Dr. Goldstein testified that Michelle had a stage IA or IC tumor, most likely a IA tumor, on
April 8, 1998. His opinion, which he held within a reasonable degree of medical certainty, was
based upon the following facts: Dr. Weiss explored the abdomen very thoroughly when he
removed the tumor and found no evidence of any disease; 18 months after the operation when
Michelle began to have symptoms of her recurrent tumor and a CT scan was done, no evidence of
any tumor in her abdomen was found; and fluid inside a mucinous tumor is very gelatinous, and if
the fluid gets into the abdominal cavity, it can cause a condition called "pseudomyxoma peritonei,"

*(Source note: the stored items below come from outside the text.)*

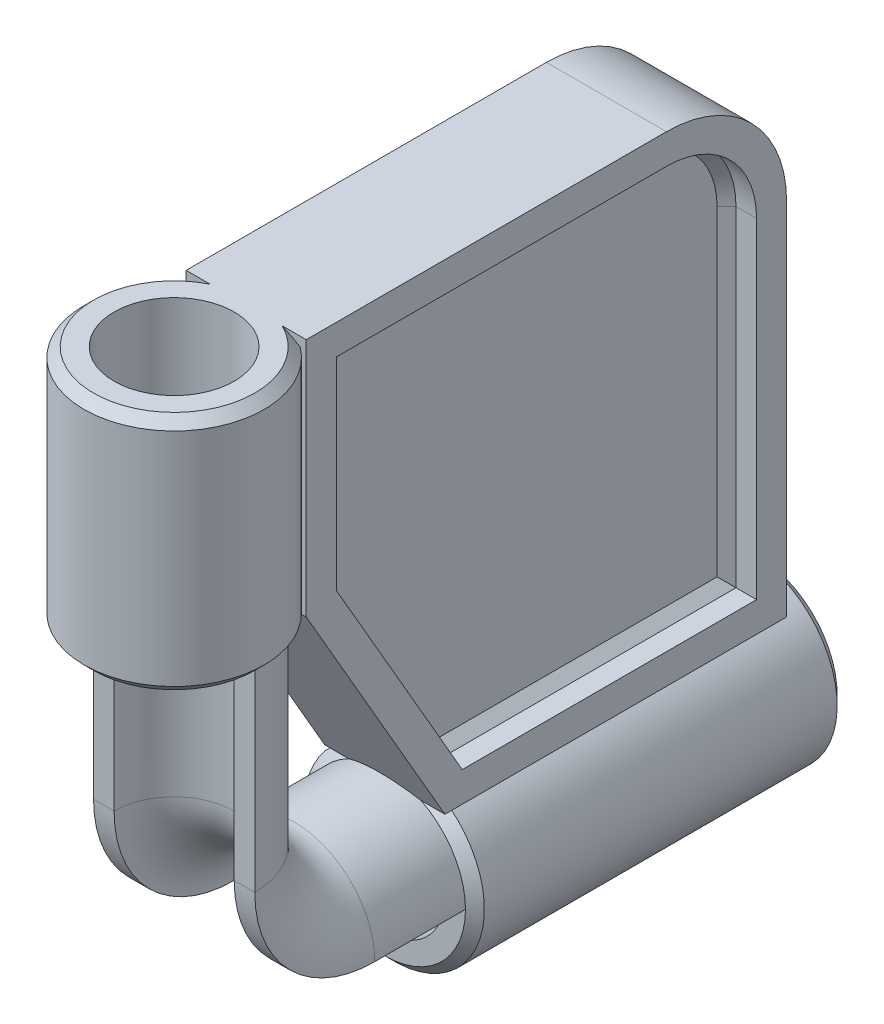
from build123d import *

# Parameters (mm, degrees)
BOSS_EXTRUDE1_DEPTH      = 6.35
FILLET1_R                = 12.7
CUT_EXTRUDE2_DEPTH       = 3.175
BOSS_EXTRUDE2_DEPTH      = 3.175
BOSS_EXTRUDE2_DEPTH_BACK = 36.135303
SKETCH4_R                = 9.525
SKETCH4_R_2              = 6.35
SKETCH5_R                = 9.525
SKETCH5_R_2              = 6.35
BOSS_EXTRUDE3_DEPTH      = 25.4
CHAMFER2_SIZE            = 1
CHAMFER4_SIZE            = 1


with BuildPart() as part:
    # Sketch1 → Boss-Extrude1 (new, symmetric)
    with BuildSketch(Plane.YZ):
        Polygon((-25.4, 10.735303163), (0, 25.4), (25.4, 25.4), (25.4, -25.4), (-25.4, -25.4), align=None)
    extrude(amount=BOSS_EXTRUDE1_DEPTH, both=True)

    # Fillet1
    fillet1_edges = [part.edges().sort_by_distance(p)[0] for p in [
        (0, 25.4, -25.4),
    ]]
    fillet(fillet1_edges, radius=FILLET1_R)

    # Sketch3 → Cut-Extrude2 (cut)
    with BuildSketch(Plane.YZ.offset(6.35)):
        with BuildLine():
            Line((-22.225, -22.225), (12.7, -22.225))
            ThreePointArc((12.7, -22.225), (19.435192091, -19.435192091), (22.225, -12.7))
            Line((22.225, -12.7), (22.225, 22.225))
            Line((22.225, 22.225), (0.850738686, 22.225))
            Line((0.850738686, 22.225), (-22.225, 8.902216058))
            Line((-22.225, 8.902216058), (-22.225, -22.225))
        make_face()
    cut_extrude2 = extrude(amount=-CUT_EXTRUDE2_DEPTH, mode=Mode.SUBTRACT)

    # Mirror1: Cut-Extrude2 across plane
    add(cut_extrude2.mirror(Plane(origin=(0, 0, 0), x_dir=(0, 0, 1), z_dir=(1, 0, 0))), mode=Mode.SUBTRACT)

    # Sketch4 → Boss-Extrude2 (add, two sides: drawn at the far end of the back side and taken through both)
    with BuildSketch(Plane(origin=(0, 0, -25.4), x_dir=(1, 0, 0), z_dir=(0, 0, -1)).offset(-BOSS_EXTRUDE2_DEPTH_BACK)):
        with Locations(Location((0, 33.02, 0), (0, 0, 233.130102354))):
            Circle(SKETCH4_R)
        with Locations(Location((0, 33.02, 0), (0, 0, 270))):
            Circle(SKETCH4_R_2, mode=Mode.SUBTRACT)
    extrude(amount=BOSS_EXTRUDE2_DEPTH + BOSS_EXTRUDE2_DEPTH_BACK)

    # Sketch5 → Boss-Extrude3 (add)
    with BuildSketch(Plane(origin=(0, 25.4, 0), x_dir=(-1, 0, 0), z_dir=(0, 1, 0))):
        with Locations((0, 33.02)):
            Circle(SKETCH5_R)
        with Locations(Location((0, 33.02, 0), (0, 0, 90))):
            Circle(SKETCH5_R_2, mode=Mode.SUBTRACT)
    extrude(amount=-BOSS_EXTRUDE3_DEPTH)

    # Chamfer2
    # the kernel refuses this chamfer: 1 mm, written as the material it takes off along each edge
    with BuildSketch(Plane(origin=(0, -33.02, 10.735303), x_dir=(0.3638595085405839, 0.931453841070294, 0), z_dir=(-0.931453841070294, 0.3638595085405839, 0))) as chamfer2_piece_1_section:
        Polygon((9.525, CHAMFER2_SIZE), (9.525 - CHAMFER2_SIZE, 0), (9.525, 0), align=None)
    chamfer2_piece_1 = revolve(axis=Axis((0, -33.02, 10.735303), (0, 0, -1)), revolution_arc=317.325176487, mode=Mode.PRIVATE)
    chamfer2_piece_1 = split(chamfer2_piece_1, bisect_by=Plane(origin=(5.777045626, -25.4, 10.24862198), z_dir=(0, -1, 0)), keep=Keep.TOP, mode=Mode.PRIVATE)
    add(chamfer2_piece_1, mode=Mode.SUBTRACT)
    with BuildSketch(Plane(origin=(0, -33.02, -28.575), x_dir=(-0.6000000000021781, 0.7999999999983665, 0), z_dir=(-0.7999999999983665, -0.6000000000021781, 0))) as chamfer2_piece_2:
        Polygon((9.525, -CHAMFER2_SIZE), (9.525 - CHAMFER2_SIZE, 0), (9.525, 0), align=None)
    revolve(axis=Axis((0, -33.02, -28.575), (0, 0, -1)), mode=Mode.SUBTRACT)
    with BuildSketch(Plane(origin=(0, 25.4, 33.02), x_dir=(-0.3638595085405501, 0, -0.9314538410703074), z_dir=(0.9314538410703074, 0, -0.3638595085405501))) as chamfer2_piece_3_section:
        Polygon((9.525, -CHAMFER2_SIZE), (9.525 - CHAMFER2_SIZE, 0), (9.525, 0), align=None)
    chamfer2_piece_3 = revolve(axis=Axis((0, 25.4, 33.02), (0, 1, 0)), revolution_arc=317.325176487, mode=Mode.PRIVATE)
    chamfer2_piece_3 = split(chamfer2_piece_3, bisect_by=Plane(origin=(0, 24.920234358, 25.4), z_dir=(0, 0, 1)), keep=Keep.TOP, mode=Mode.PRIVATE)
    add(chamfer2_piece_3, mode=Mode.SUBTRACT)
    with BuildSketch(Plane(origin=(0, 0, 33.02), x_dir=(-0.3638595085405531, 0, -0.9314538410703063), z_dir=(0.9314538410703063, 0, -0.3638595085405531))) as chamfer2_piece_4_section:
        Polygon((9.525, CHAMFER2_SIZE), (9.525 - CHAMFER2_SIZE, 0), (9.525, 0), align=None)
    chamfer2_piece_4 = revolve(axis=Axis((0, 0, 33.02), (0, 1, 0)), revolution_arc=317.325176487, mode=Mode.PRIVATE)
    chamfer2_piece_4 = split(chamfer2_piece_4, bisect_by=Plane(origin=(-5.452412952, 0.490850729, 25.4), z_dir=(0, 0, 1)), keep=Keep.TOP, mode=Mode.PRIVATE)
    add(chamfer2_piece_4, mode=Mode.SUBTRACT)

    # Sweep3: sweep along a path in Sketch6
    with BuildLine(Plane.YZ) as sweep3_path:
        Line((0, 33.02), (-20.32, 33.02))
        ThreePointArc((-20.32, 33.02), (-29.300256121, 29.300256121), (-33.02, 20.32))
        Line((-33.02, 20.32), (-33.02, 10.735303163))
    # Sketch7 → Sweep3 (sweep)
    with BuildSketch(Plane.XZ):
        with BuildLine():
            Line((-8.525, 33.02), (-6.35, 33.02))
            ThreePointArc((-6.35, 33.02), (0, 26.67), (6.35, 33.02))
            Line((6.35, 33.02), (8.525, 33.02))
            ThreePointArc((8.525, 33.02), (0, 24.495), (-8.525, 33.02))
        make_face()
    sweep(path=sweep3_path.line)

    # Chamfer4
    chamfer4_edges = [part.edges().sort_by_distance(p)[0] for p in [
        (3.175, -22.225, -6.661391971),
        (3.175, -10.687130657, 15.563608029),
        (3.175, 11.537869343, 22.225),
        (3.175, 22.225, 4.7625),
        (3.175, 19.435192091, -19.435192091),
        (3.175, -4.7625, -22.225),
        (-3.175, -22.225, -6.661391971),
        (-3.175, -4.7625, -22.225),
        (-3.175, 19.435192091, -19.435192091),
        (-3.175, 22.225, 4.7625),
        (-3.175, 11.537869343, 22.225),
        (-3.175, -10.687130657, 15.563608029),
    ]]
    chamfer(chamfer4_edges, length=CHAMFER4_SIZE)


solid = part.part

where you have a gelatin-like development in the abdominal cavity, and there was no evidence of
such a condition in Michelle’s case. Based upon the FIGO statistics for ovarian cancer, a patient
diagnosed with a stage IA tumor has about an 80% chance of survival, while a stage IC patient has
a 70% to 75% survival rate, and a stage IV patient has less than a 10% survival rate. When
Michelle was diagnosed with ovarian cancer in September 1999, it was behaving like a stage IV
tumor because it was outside of the abdominal cavity in the lungs and the bone.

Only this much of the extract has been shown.